Copy out the entries below exactly as they stand, but only from the line containing "line L12 (-69.85, 63.5)" through the line containing "line L17 (-53.975, 26.9875)".

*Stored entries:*
◇ ◇ ◇ ◇

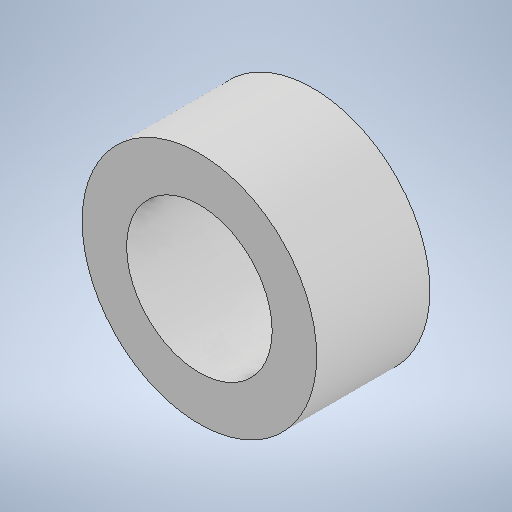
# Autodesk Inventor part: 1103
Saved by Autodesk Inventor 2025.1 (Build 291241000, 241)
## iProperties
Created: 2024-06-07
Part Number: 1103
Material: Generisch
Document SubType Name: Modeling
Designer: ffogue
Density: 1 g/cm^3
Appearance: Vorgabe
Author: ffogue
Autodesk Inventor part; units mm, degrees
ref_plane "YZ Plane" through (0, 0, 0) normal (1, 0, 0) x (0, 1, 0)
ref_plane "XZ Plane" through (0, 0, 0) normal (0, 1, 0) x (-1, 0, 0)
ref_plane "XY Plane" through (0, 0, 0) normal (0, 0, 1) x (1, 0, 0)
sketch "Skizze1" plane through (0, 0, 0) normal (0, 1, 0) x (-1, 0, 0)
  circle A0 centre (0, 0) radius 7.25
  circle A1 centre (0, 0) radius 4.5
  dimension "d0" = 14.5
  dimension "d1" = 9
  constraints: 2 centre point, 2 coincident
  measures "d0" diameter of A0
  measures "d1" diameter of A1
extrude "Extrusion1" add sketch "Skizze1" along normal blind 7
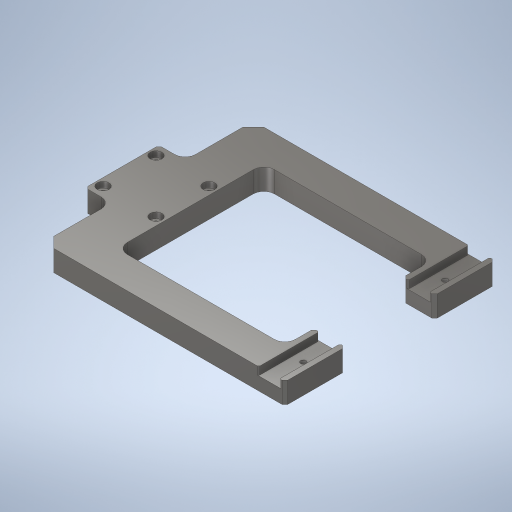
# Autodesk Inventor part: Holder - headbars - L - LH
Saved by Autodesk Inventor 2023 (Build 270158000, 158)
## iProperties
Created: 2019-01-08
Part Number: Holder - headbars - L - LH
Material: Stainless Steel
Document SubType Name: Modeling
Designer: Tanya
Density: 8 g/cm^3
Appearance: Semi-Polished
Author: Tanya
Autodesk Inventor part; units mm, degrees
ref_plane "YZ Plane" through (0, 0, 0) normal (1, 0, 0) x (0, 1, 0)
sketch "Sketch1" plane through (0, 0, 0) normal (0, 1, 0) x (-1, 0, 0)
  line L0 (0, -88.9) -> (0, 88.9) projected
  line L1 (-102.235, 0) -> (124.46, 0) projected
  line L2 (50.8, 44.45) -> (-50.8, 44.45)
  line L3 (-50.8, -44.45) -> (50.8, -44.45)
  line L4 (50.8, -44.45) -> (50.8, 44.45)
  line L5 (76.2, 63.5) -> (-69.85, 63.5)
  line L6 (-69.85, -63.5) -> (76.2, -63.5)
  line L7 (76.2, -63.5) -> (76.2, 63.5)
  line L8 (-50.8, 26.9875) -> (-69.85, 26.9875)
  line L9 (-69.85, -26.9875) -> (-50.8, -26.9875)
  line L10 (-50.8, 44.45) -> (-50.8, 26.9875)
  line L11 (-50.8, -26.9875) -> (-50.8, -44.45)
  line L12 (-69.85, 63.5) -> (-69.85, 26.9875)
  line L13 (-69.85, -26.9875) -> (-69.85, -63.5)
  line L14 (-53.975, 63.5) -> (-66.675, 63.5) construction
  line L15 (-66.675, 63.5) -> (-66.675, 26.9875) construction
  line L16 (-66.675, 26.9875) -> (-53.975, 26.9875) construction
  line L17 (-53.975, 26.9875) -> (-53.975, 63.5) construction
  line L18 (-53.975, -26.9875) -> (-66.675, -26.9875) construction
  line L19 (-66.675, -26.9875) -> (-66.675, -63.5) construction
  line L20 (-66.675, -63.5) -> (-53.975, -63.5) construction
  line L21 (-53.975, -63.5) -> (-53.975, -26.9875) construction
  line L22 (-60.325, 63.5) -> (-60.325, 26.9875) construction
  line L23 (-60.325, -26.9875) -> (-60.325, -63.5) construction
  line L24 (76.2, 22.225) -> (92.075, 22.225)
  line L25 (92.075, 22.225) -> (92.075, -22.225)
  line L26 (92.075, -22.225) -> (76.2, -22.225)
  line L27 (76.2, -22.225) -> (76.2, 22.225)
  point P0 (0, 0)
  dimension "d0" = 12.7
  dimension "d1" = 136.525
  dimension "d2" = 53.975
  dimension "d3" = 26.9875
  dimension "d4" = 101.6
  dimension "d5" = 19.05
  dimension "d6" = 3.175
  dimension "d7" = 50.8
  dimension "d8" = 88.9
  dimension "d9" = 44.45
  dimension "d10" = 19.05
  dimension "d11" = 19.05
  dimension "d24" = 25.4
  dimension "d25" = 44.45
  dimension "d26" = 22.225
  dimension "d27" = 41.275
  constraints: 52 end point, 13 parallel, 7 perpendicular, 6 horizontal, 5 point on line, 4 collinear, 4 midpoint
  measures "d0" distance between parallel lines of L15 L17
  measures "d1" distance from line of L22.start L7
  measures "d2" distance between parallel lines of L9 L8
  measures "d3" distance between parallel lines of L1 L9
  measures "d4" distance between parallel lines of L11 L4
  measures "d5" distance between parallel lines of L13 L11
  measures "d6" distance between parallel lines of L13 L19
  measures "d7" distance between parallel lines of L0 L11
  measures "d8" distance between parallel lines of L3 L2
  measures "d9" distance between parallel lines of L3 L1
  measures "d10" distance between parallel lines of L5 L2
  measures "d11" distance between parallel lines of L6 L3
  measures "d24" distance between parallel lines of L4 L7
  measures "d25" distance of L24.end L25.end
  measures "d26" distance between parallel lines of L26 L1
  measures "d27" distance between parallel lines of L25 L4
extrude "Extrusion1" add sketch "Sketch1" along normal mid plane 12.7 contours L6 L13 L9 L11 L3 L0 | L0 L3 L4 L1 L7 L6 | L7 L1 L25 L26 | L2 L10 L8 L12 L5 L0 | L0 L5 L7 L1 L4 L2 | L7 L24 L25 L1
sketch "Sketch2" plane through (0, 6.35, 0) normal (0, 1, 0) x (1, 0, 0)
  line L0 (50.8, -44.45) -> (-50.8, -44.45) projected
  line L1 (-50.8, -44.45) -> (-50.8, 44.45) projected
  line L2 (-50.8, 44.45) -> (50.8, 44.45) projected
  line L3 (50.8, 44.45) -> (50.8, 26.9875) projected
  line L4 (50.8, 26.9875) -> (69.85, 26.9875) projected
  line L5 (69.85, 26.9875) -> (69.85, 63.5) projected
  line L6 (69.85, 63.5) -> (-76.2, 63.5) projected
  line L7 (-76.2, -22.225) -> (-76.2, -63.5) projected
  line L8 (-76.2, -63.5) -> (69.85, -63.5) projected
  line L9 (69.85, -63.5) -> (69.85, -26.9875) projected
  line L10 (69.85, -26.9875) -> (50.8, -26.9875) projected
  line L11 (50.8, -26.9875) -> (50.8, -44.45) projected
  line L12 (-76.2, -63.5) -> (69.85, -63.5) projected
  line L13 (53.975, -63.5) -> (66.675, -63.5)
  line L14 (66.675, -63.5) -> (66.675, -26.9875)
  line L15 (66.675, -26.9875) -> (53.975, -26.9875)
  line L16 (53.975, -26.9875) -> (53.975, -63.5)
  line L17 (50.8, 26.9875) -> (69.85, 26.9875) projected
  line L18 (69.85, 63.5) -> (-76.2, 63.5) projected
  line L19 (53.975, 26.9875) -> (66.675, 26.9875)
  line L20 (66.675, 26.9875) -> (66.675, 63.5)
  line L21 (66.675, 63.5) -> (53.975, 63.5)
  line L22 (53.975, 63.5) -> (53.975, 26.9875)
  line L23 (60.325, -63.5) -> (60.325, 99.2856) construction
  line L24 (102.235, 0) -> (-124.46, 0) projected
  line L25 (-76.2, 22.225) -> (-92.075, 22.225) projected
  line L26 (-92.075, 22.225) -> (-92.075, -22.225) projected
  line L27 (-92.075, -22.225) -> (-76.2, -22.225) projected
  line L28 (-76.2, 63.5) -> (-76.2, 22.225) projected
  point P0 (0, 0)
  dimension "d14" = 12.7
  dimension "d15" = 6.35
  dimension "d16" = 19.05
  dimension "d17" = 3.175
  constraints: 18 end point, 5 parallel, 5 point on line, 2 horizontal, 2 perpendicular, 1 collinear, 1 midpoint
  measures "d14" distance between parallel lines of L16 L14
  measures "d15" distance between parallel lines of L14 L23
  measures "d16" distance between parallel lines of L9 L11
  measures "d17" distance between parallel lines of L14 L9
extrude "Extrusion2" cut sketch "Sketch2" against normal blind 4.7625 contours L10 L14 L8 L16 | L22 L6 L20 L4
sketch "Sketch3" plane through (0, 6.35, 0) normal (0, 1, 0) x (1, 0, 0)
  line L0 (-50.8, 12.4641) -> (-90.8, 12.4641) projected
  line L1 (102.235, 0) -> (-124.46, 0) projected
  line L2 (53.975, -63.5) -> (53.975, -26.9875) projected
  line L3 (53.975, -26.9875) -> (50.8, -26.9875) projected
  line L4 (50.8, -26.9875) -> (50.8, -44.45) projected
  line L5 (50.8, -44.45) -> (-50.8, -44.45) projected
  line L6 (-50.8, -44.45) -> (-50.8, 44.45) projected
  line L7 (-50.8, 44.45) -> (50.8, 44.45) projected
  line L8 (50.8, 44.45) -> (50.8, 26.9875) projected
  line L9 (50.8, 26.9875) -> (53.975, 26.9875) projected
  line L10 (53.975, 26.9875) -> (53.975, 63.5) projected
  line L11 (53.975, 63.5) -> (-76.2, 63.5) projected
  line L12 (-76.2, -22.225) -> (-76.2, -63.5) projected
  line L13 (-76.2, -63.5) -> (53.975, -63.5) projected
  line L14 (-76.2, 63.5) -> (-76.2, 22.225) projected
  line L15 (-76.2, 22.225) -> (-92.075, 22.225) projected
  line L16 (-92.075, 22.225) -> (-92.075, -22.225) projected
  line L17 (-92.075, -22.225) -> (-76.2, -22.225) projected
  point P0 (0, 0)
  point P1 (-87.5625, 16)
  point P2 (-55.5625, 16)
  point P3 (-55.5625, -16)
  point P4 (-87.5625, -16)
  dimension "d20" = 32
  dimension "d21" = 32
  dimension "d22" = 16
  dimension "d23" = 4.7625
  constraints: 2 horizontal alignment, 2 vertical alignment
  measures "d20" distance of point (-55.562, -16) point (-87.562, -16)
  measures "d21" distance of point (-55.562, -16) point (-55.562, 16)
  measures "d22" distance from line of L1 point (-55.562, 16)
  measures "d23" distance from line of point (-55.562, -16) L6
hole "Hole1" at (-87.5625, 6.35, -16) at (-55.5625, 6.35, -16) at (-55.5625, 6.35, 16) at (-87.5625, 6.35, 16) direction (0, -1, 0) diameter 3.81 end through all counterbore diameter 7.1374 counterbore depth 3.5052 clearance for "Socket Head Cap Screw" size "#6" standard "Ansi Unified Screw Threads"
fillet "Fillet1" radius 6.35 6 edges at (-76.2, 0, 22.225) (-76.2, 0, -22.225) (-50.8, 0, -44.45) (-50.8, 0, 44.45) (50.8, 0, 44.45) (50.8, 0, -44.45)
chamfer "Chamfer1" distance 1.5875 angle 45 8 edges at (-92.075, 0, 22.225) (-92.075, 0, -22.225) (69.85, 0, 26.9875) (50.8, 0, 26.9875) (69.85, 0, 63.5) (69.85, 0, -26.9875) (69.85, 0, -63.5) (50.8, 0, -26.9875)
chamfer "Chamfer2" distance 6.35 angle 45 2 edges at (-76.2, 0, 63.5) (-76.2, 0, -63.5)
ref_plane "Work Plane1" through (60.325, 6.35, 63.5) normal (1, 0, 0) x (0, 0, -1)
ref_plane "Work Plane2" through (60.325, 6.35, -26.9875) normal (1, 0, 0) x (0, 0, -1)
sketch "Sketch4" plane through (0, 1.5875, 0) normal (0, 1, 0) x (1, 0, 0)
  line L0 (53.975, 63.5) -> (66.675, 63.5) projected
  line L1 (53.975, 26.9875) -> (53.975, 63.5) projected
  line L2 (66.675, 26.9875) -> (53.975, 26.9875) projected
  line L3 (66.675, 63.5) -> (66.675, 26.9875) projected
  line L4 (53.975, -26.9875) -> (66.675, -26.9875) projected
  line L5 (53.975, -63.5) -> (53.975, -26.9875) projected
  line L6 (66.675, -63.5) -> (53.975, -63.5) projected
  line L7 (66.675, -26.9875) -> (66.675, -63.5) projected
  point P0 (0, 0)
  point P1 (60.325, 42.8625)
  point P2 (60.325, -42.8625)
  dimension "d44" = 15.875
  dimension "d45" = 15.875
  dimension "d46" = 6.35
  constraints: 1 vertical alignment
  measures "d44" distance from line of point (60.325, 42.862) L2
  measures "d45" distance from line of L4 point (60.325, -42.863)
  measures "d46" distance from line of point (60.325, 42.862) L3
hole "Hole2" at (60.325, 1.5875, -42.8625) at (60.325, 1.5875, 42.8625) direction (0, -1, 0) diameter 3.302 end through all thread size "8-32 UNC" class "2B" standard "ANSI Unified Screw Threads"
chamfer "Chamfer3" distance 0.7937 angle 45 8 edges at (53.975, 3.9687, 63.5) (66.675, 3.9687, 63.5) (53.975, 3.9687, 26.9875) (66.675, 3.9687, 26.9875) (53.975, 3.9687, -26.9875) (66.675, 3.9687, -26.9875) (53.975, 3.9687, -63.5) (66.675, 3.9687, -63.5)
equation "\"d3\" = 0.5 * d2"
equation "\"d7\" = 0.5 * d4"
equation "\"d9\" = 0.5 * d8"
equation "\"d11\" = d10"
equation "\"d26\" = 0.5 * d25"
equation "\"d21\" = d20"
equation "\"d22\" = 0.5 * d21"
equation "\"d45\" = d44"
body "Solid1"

◇ ◇ ◇ ◇

*ANSWER TO THIS TASK:*
  line L12 (-69.85, 63.5) -> (-69.85, 26.9875)
  line L13 (-69.85, -26.9875) -> (-69.85, -63.5)
  line L14 (-53.975, 63.5) -> (-66.675, 63.5) construction
  line L15 (-66.675, 63.5) -> (-66.675, 26.9875) construction
  line L16 (-66.675, 26.9875) -> (-53.975, 26.9875) construction
  line L17 (-53.975, 26.9875) -> (-53.975, 63.5) construction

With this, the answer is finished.